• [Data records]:
_ _ _ _ _
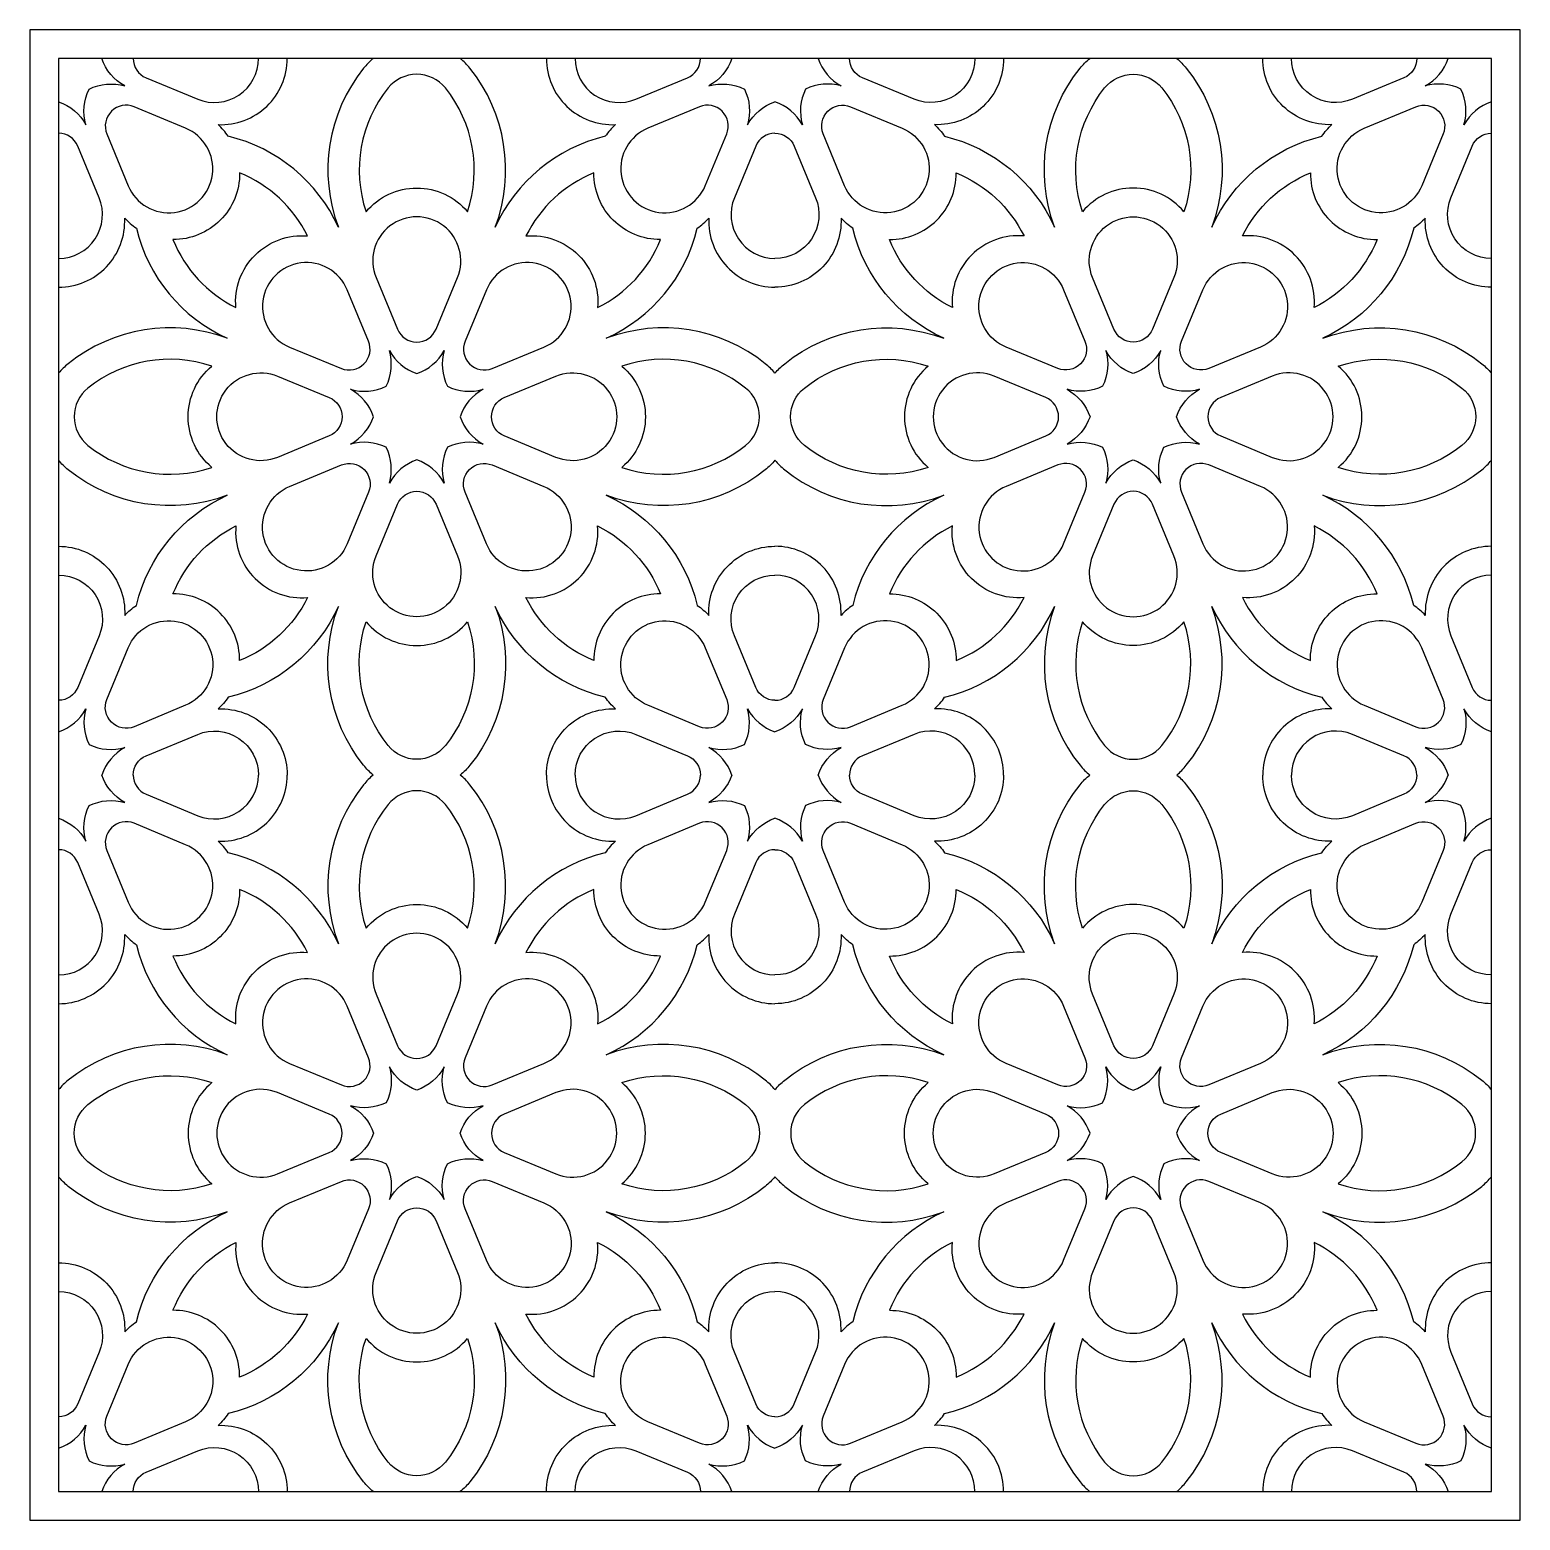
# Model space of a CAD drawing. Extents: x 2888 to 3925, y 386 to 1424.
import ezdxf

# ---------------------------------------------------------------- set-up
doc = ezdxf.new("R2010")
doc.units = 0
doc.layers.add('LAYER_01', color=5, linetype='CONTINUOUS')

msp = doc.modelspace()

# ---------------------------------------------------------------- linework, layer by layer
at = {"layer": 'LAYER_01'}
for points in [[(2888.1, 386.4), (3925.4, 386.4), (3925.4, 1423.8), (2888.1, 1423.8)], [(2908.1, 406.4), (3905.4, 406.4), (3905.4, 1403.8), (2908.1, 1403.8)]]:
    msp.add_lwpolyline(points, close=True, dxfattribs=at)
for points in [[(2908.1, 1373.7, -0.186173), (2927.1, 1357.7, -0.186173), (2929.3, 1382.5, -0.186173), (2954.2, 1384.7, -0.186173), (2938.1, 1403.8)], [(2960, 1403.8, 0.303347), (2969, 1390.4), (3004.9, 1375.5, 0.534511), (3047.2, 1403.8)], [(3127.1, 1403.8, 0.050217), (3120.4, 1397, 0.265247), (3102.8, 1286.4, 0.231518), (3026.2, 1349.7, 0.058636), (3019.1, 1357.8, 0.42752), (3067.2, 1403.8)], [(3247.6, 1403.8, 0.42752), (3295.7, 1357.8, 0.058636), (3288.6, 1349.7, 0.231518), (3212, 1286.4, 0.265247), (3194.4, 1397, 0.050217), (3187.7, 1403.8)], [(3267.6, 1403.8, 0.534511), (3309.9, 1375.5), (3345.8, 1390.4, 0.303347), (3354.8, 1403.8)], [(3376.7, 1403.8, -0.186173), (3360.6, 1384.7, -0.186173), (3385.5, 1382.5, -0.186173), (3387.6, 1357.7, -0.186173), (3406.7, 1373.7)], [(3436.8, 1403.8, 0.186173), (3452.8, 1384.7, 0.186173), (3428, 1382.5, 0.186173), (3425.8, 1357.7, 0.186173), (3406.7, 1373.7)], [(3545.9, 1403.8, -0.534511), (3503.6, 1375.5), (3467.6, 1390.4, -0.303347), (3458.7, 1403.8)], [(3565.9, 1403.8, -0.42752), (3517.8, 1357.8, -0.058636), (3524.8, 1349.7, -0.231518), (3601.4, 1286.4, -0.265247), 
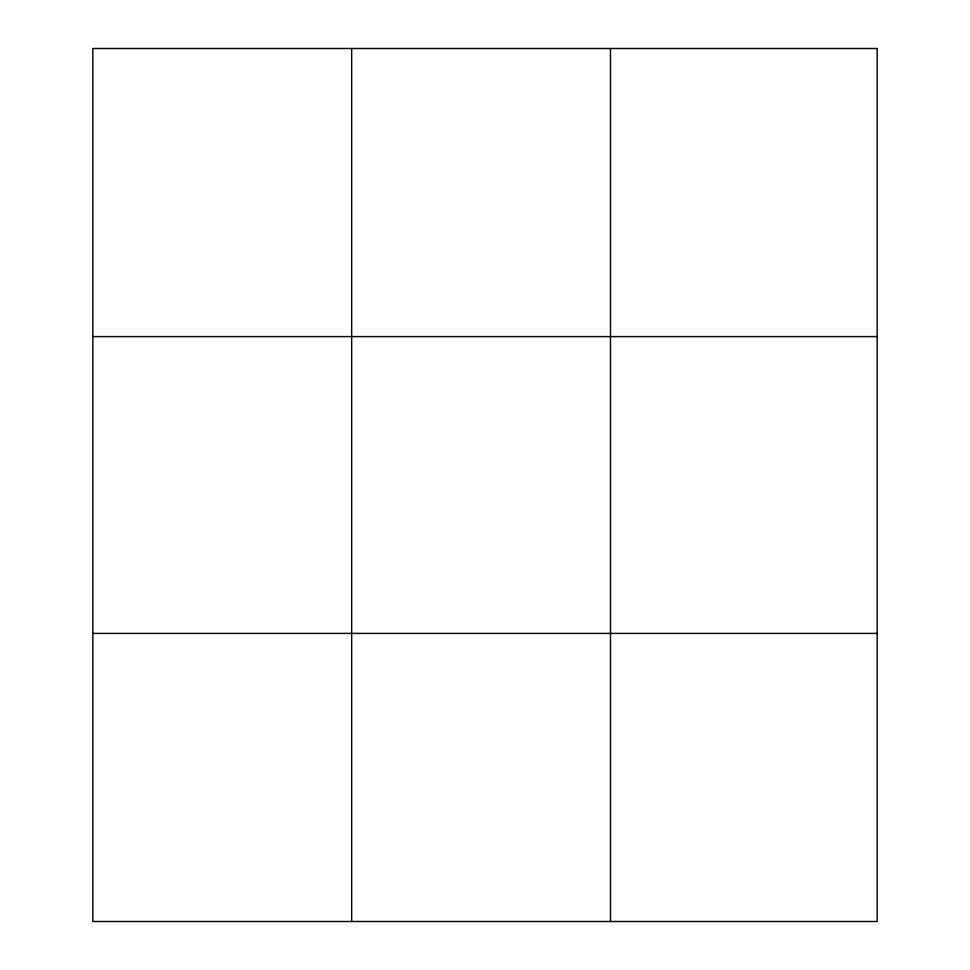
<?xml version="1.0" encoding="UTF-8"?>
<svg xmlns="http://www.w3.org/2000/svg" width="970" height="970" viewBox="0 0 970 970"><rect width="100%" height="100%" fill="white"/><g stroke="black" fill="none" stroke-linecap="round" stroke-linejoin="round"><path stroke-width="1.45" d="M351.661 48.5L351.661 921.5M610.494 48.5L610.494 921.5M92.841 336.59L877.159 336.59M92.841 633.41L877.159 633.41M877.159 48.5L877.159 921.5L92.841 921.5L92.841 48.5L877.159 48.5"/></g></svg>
_ _ _ _ _
• [DESCRIPTION OF THE TASK]:
Search the entries for the word "points", then copy every line in which it is found.

• [WRITTEN SOLUTION]:
for points in [[(2888.1, 386.4), (3925.4, 386.4), (3925.4, 1423.8), (2888.1, 1423.8)], [(2908.1, 406.4), (3905.4, 406.4), (3905.4, 1403.8), (2908.1, 1403.8)]]:
    msp.add_lwpolyline(points, close=True, dxfattribs=at)
for points in [[(2908.1, 1373.7, -0.186173), (2927.1, 1357.7, -0.186173), (2929.3, 1382.5, -0.186173), (2954.2, 1384.7, -0.186173), (2938.1, 1403.8)], [(2960, 1403.8, 0.303347), (2969, 1390.4), (3004.9, 1375.5, 0.534511), (3047.2, 1403.8)], [(3127.1, 1403.8, 0.050217), (3120.4, 1397, 0.265247), (3102.8, 1286.4, 0.231518), (3026.2, 1349.7, 0.058636), (3019.1, 1357.8, 0.42752), (3067.2, 1403.8)], [(3247.6, 1403.8, 0.42752), (3295.7, 1357.8, 0.058636), (3288.6, 1349.7, 0.231518), (3212, 1286.4, 0.265247), (3194.4, 1397, 0.050217), (3187.7, 1403.8)], [(3267.6, 1403.8, 0.534511), (3309.9, 1375.5), (3345.8, 1390.4, 0.303347), (3354.8, 1403.8)], [(3376.7, 1403.8, -0.186173), (3360.6, 1384.7, -0.186173), (3385.5, 1382.5, -0.186173), (3387.6, 1357.7, -0.186173), (3406.7, 1373.7)], [(3436.8, 1403.8, 0.186173), (3452.8, 1384.7, 0.186173), (3428, 1382.5, 0.186173), (3425.8, 1357.7, 0.186173), (3406.7, 1373.7)], [(3545.9, 1403.8, -0.534511), (3503.6, 1375.5), (3467.6, 1390.4, -0.303347), (3458.7, 1403.8)], [(3565.9, 1403.8, -0.42752), (3517.8, 1357.8, -0.058636), (3524.8, 1349.7, -0.231518), (3601.4, 1286.4, -0.265247), 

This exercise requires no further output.